▶ _PROMPT_: Look through the records below and collect all lines that hold the string "drawing".

▶ _RECORD EXTRACTS_:
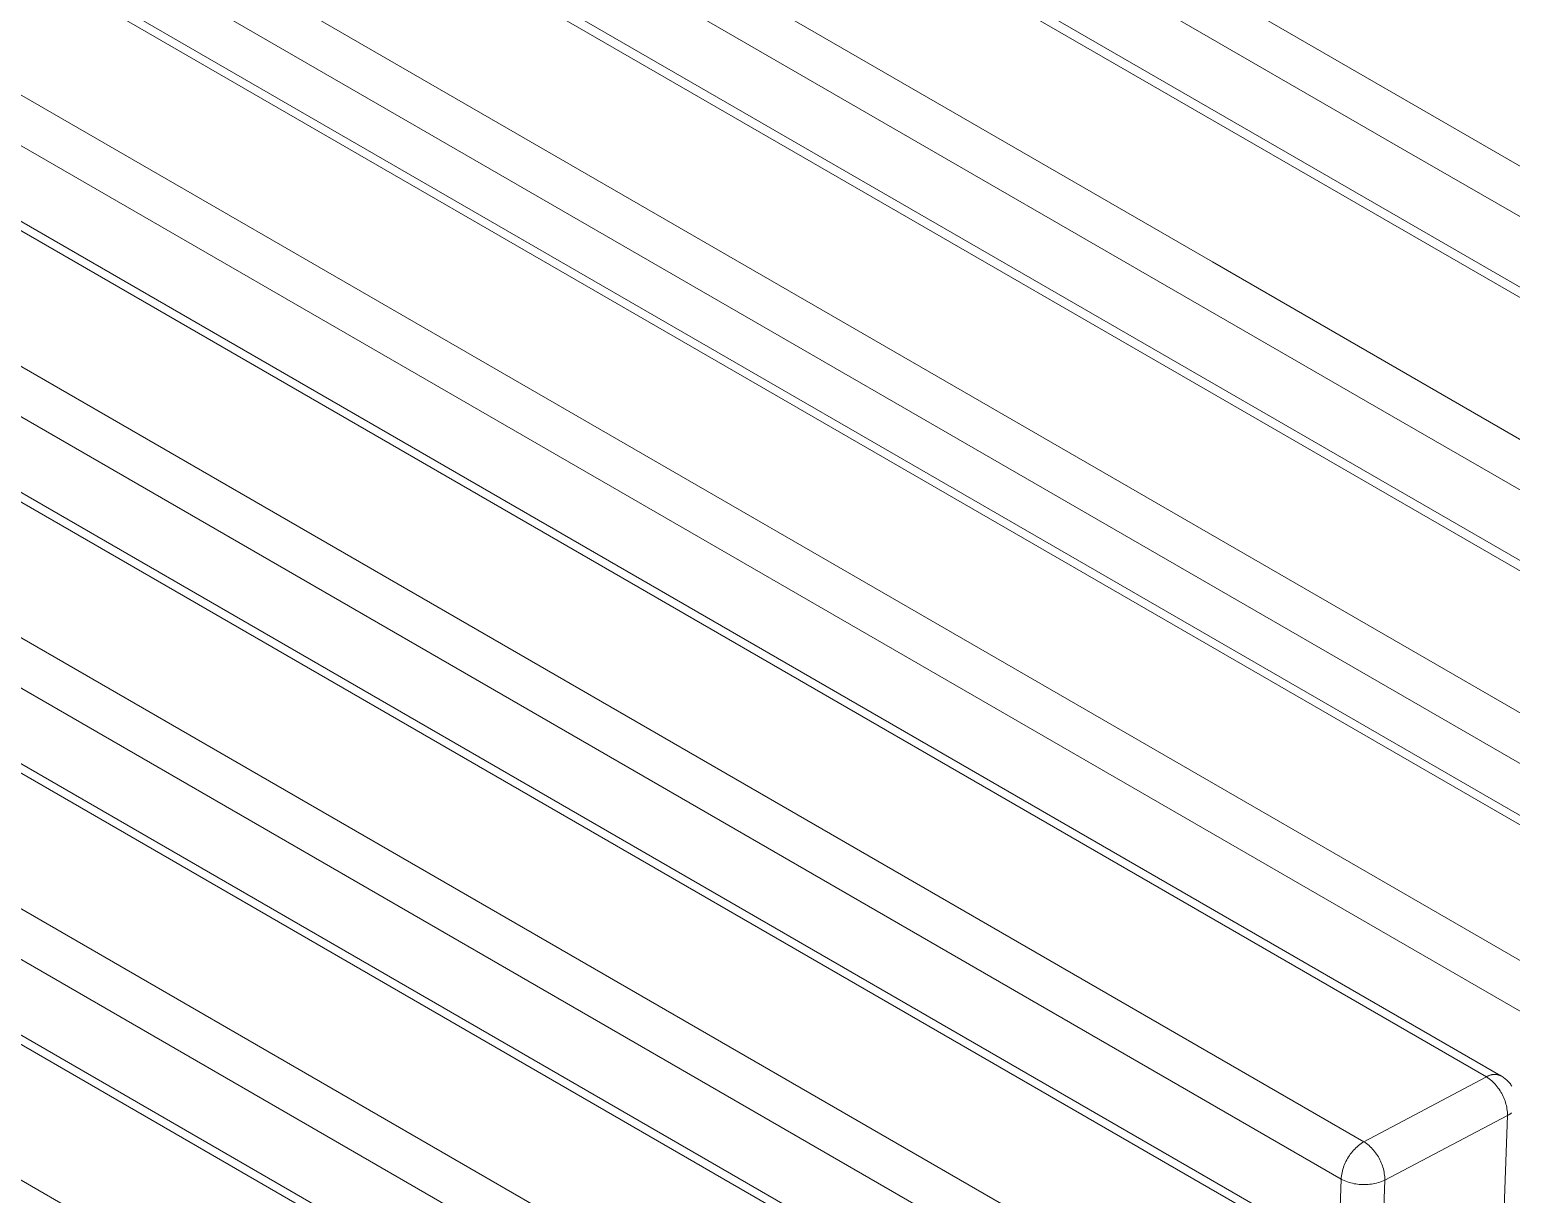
# Model space of a CAD drawing. Header units: inches. Extents: x -16 to 183, y -17 to 123.
# Drawn here: x 29.13 to 35.31, y 3.4 to 8.25 of the extents above; entities that cross this region are included whole.
import ezdxf

# ---------------------------------------------------------------- set-up
doc = ezdxf.new("R2010")
doc.units = ezdxf.units.IN
doc.layers.add('ZANO_R', color=7, linetype='Continuous', lineweight=0)

msp = doc.modelspace()

# ---------------------------------------------------------------- linework, layer by layer
at = {"layer": 'ZANO_R'}
for p, q in [((5.88926, 24.6925), (38.61958, 5.79564)), ((34.87418, 7.74691), (5.79784, 24.53414)), ((5.4785, 24.42442), (38.20881, 5.52757)), ((4.90187, 24.12243), (34.06294, 7.28627)), ((34.77388, 6.66467), (4.81044, 23.96407)), ((4.4911, 23.85435), (37.22142, 4.9575)), ((3.91447, 23.55235), (36.64479, 4.6555)), ((36.55336, 4.49714), (3.82305, 23.394)), ((36.22927, 4.42761), (3.49896, 23.32446)), ((3.5608, 23.32812), (36.28944, 4.43223)), ((2.98743, 23.05409), (35.71774, 4.15724)), ((35.62254, 4.00126), (2.89223, 22.89811)), ((35.20622, 3.88687), (2.4759, 22.78373)), ((2.53775, 22.78739), (35.26639, 3.8915)), ((1.96438, 22.51336), (34.69469, 3.61651)), ((34.59949, 3.46053), (1.86917, 22.35738)), ((34.18316, 3.34614), (1.45285, 22.243)), ((1.5147, 22.24666), (34.24334, 3.35077)), ((0.94133, 21.97263), (33.67164, 3.07578)), ((33.57643, 2.9198), (0.84612, 21.81665)), ((33.16011, 2.80541), (0.4298, 21.70227)), ((0.49164, 21.70593), (33.22028, 2.81004)), ((-0.08173, 21.4319), (32.64859, 2.53505)), ((32.55338, 2.37906), (-0.17693, 21.27592)), ((32.13706, 2.26468), (-0.59325, 21.16154)), ((-0.53141, 21.1652), (32.19723, 2.26931)), ((-1.10478, 20.89117), (31.62554, 1.99432)), ((38.14416, 5.52116), (29.5334, 10.49259)), ((36.99876, 5.04232), (28.56429, 9.91196)), ((34.87418, 7.74691), (37.76475, 6.07804)), ((36.96021, 5.61354), (34.06294, 7.28627)), ((34.77388, 6.66467), (36.77735, 5.50797)), ((35.21773, 3.8928), (35.21975, 3.89354)), ((35.21975, 3.89354), (35.2218, 3.89422)), ((35.2218, 3.89422), (35.22388, 3.89483)), ((35.22388, 3.89483), (35.22597, 3.89536)), ((35.22597, 3.89536), (35.22808, 3.89582)), ((35.22808, 3.89582), (35.23021, 3.89621)), ((35.23021, 3.89621), (35.23235, 3.89652)), ((35.23235, 3.89652), (35.23449, 3.89676)), ((35.23449, 3.89676), (35.23665, 3.89693)), ((35.23665, 3.89693), (35.23881, 3.89702)), ((35.23881, 3.89702), (35.24097, 3.89703)), ((35.24097, 3.89703), (35.24313, 3.89697)), ((35.24313, 3.89697), (35.24529, 3.89684)), ((35.24529, 3.89684), (35.24744, 3.89663)), ((35.24744, 3.89663), (35.24958, 3.89634)), ((35.24958, 3.89634), (35.25171, 3.89598)), ((35.25171, 3.89598), (35.25383, 3.89555)), ((35.25383, 3.89555), (35.25593, 3.89505)), ((35.25593, 3.89505), (35.25801, 3.89447)), ((35.25801, 3.89447), (35.26007, 3.89382)), ((35.26007, 3.89382), (35.26211, 3.8931)), ((34.69469, 3.61651), (35.20622, 3.88687)), ((35.20622, 3.88687), (35.20805, 3.88803)), ((35.20622, 3.88687), (35.21182, 3.88303)), ((35.20805, 3.88803), (35.20991, 3.88911)), ((35.20991, 3.88911), (35.21182, 3.89013)), ((35.21182, 3.89013), (35.21375, 3.89109)), ((35.21182, 3.88303), (35.21729, 3.879)), ((35.21375, 3.89109), (35.21573, 3.89198)), ((35.21573, 3.89198), (35.21773, 3.8928)), ((35.21729, 3.879), (35.22262, 3.87478)), ((35.22262, 3.87478), (35.22779, 3.87038)), ((35.22779, 3.87038), (35.23281, 3.86579)), ((35.23281, 3.86579), (35.23767, 3.86104)), ((35.23767, 3.86104), (35.24236, 3.85612)), ((35.24236, 3.85612), (35.24687, 3.85104)), ((35.24687, 3.85104), (35.2512, 3.8458)), ((35.2512, 3.8458), (35.25535, 3.84042)), ((35.25535, 3.84042), (35.25931, 3.83489)), ((35.25931, 3.83489), (35.26307, 3.82923)), ((35.26211, 3.8931), (35.26412, 3.89231)), ((35.26412, 3.89231), (35.2661, 3.89145)), ((35.2661, 3.89145), (35.26805, 3.89052)), ((35.26806, 3.89053), (35.27183, 3.88821)), ((35.27183, 3.88821), (35.27553, 3.88577)), ((35.27553, 3.88577), (35.27914, 3.8832)), ((35.27914, 3.8832), (35.28266, 3.88051)), ((35.28266, 3.88051), (35.28608, 3.87769)), ((35.28608, 3.87769), (35.28941, 3.87477)), ((35.28941, 3.87477), (35.29263, 3.87173)), ((35.29263, 3.87173), (35.29575, 3.86858)), ((35.29575, 3.86858), (35.29876, 3.86533)), ((35.29876, 3.86533), (35.30166, 3.86197)), ((35.30166, 3.86197), (35.30444, 3.85852)), ((35.30444, 3.85852), (35.3071, 3.85498)), ((35.3071, 3.85498), (35.30963, 3.85135)), ((35.30963, 3.85135), (35.31204, 3.84763)), ((35.26307, 3.82923), (35.26663, 3.82345)), ((35.26663, 3.82345), (35.26999, 3.81754)), ((35.26999, 3.81754), (35.27314, 3.81152)), ((35.27314, 3.81152), (35.27608, 3.80539)), ((35.27608, 3.80539), (35.2788, 3.79916)), ((35.2788, 3.79916), (35.28131, 3.79284)), ((35.28131, 3.79284), (35.28359, 3.78644)), ((35.28359, 3.78644), (35.28565, 3.77997)), ((35.28565, 3.77997), (35.28748, 3.77342)), ((35.28748, 3.77342), (35.28908, 3.76682)), ((35.29378, 3.72639), (34.78226, 3.45602)), ((35.27216, 3.12324), (35.29378, 3.72639)), ((35.28908, 3.76682), (35.29045, 3.76016)), ((35.29045, 3.76016), (35.29159, 3.75346)), ((35.29159, 3.75346), (35.29249, 3.74672)), ((35.29249, 3.74672), (35.29316, 3.73996)), ((35.29316, 3.73996), (35.29359, 3.73318)), ((35.29359, 3.73318), (35.29378, 3.72639)), ((35.29567, 3.72717), (35.29378, 3.72639)), ((35.29753, 3.72802), (35.29567, 3.72717)), ((35.29937, 3.72894), (35.29753, 3.72802)), ((35.30117, 3.72991), (35.29937, 3.72894)), ((35.30293, 3.73095), (35.30117, 3.72991)), ((35.30466, 3.73204), (35.30293, 3.73095)), ((35.30636, 3.73319), (35.30466, 3.73204)), ((35.30801, 3.7344), (35.30636, 3.73319)), ((35.30962, 3.73567), (35.30801, 3.7344)), ((35.31119, 3.73699), (35.30962, 3.73567)), ((34.65156, 3.58077), (34.65639, 3.58588)), ((34.65639, 3.58588), (34.66138, 3.59081)), ((34.66138, 3.59081), (34.66655, 3.59557)), ((34.66655, 3.59557), (34.67188, 3.60014)), ((34.67188, 3.60014), (34.67737, 3.60453)), ((34.67737, 3.60453), (34.683, 3.60872)), ((34.683, 3.60872), (34.68878, 3.61272)), ((34.68878, 3.61272), (34.69469, 3.61651)), ((34.69469, 3.61651), (34.7003, 3.61267)), ((34.7003, 3.61267), (34.70577, 3.60864)), ((34.70577, 3.60864), (34.71109, 3.60441)), ((34.71109, 3.60441), (34.71627, 3.60001)), ((34.71627, 3.60001), (34.72129, 3.59543)), ((34.72129, 3.59543), (34.72614, 3.59067)), ((34.72614, 3.59067), (34.73083, 3.58575)), ((34.73083, 3.58575), (34.73534, 3.58067)), ((34.61412, 3.52176), (34.61691, 3.5282)), ((34.61691, 3.5282), (34.61993, 3.53455)), ((34.61993, 3.53455), (34.62316, 3.54078)), ((34.62316, 3.54078), (34.62661, 3.5469)), ((34.62661, 3.5469), (34.63027, 3.5529)), ((34.63027, 3.5529), (34.63413, 3.55876)), ((34.63413, 3.55876), (34.6382, 3.56449)), ((34.6382, 3.56449), (34.64247, 3.57007)), ((34.64247, 3.57007), (34.64692, 3.5755)), ((34.64692, 3.5755), (34.65156, 3.58077)), ((34.73534, 3.58067), (34.73968, 3.57544)), ((34.73968, 3.57544), (34.74382, 3.57005)), ((34.74382, 3.57005), (34.74778, 3.56453)), ((34.74778, 3.56453), (34.75154, 3.55887)), ((34.75154, 3.55887), (34.7551, 3.55308)), ((34.7551, 3.55308), (34.75846, 3.54717)), ((34.75846, 3.54717), (34.76161, 3.54115)), ((34.76161, 3.54115), (34.76455, 3.53502)), ((34.76455, 3.53502), (34.76728, 3.5288)), ((34.76728, 3.5288), (34.76978, 3.52248)), ((34.59949, 3.46053), (34.60015, 3.46752)), ((34.60015, 3.46752), (34.60107, 3.47448)), ((34.60107, 3.47448), (34.60222, 3.48141)), ((34.60222, 3.48141), (34.60361, 3.48829)), ((34.60361, 3.48829), (34.60525, 3.49513)), ((34.60525, 3.49513), (34.60712, 3.5019)), ((34.60712, 3.5019), (34.60922, 3.5086)), ((34.60922, 3.5086), (34.61156, 3.51522)), ((34.61156, 3.51522), (34.61412, 3.52176)), ((34.76978, 3.52248), (34.77206, 3.51608)), ((34.77206, 3.51608), (34.77412, 3.5096)), ((34.77412, 3.5096), (34.77595, 3.50306)), ((34.77595, 3.50306), (34.77755, 3.49645)), ((34.77755, 3.49645), (34.77892, 3.4898)), ((34.77892, 3.4898), (34.78006, 3.48309)), ((34.78006, 3.48309), (34.78096, 3.47636)), ((34.78096, 3.47636), (34.78163, 3.4696)), ((34.78163, 3.4696), (34.78206, 3.46281)), ((34.78206, 3.46281), (34.78226, 3.45602)), ((34.57787, 2.85738), (34.59949, 3.46053)), ((34.60601, 3.45731), (34.59949, 3.46053)), ((34.61265, 3.45433), (34.60601, 3.45731)), ((34.61938, 3.45158), (34.61265, 3.45433)), ((34.6262, 3.44906), (34.61938, 3.45158)), ((34.63311, 3.44678), (34.6262, 3.44906)), ((34.64009, 3.44474), (34.63311, 3.44678)), ((34.64714, 3.44294), (34.64009, 3.44474)), ((34.65425, 3.44139), (34.64714, 3.44294)), ((34.66141, 3.44008), (34.65425, 3.44139)), ((34.6686, 3.43902), (34.66141, 3.44008)), ((34.67583, 3.43822), (34.6686, 3.43902)), ((34.68309, 3.43766), (34.67583, 3.43822)), ((34.69036, 3.43735), (34.68309, 3.43766)), ((34.69763, 3.4373), (34.69036, 3.43735)), ((34.7049, 3.4375), (34.69763, 3.4373)), ((34.71216, 3.43795), (34.7049, 3.4375)), ((34.7194, 3.43865), (34.71216, 3.43795)), ((34.72661, 3.4396), (34.7194, 3.43865)), ((34.73379, 3.4408), (34.72661, 3.4396)), ((34.74092, 3.44225), (34.73379, 3.4408)), ((34.74799, 3.44394), (34.74092, 3.44225)), ((34.755, 3.44588), (34.74799, 3.44394)), ((34.76194, 3.44806), (34.755, 3.44588)), ((34.78226, 3.45602), (34.76064, 2.85288)), ((34.76881, 3.45048), (34.76194, 3.44806)), ((34.77558, 3.45313), (34.76881, 3.45048)), ((34.78226, 3.45602), (34.77558, 3.45313))]:
    msp.add_line(p, q, dxfattribs=at)

doc.saveas('drawing.dxf')

▶ _RESULT OF THIS EXERCISE_:
# Model space of a CAD drawing. Header units: inches. Extents: x -16 to 183, y -17 to 123.
doc.saveas('drawing.dxf')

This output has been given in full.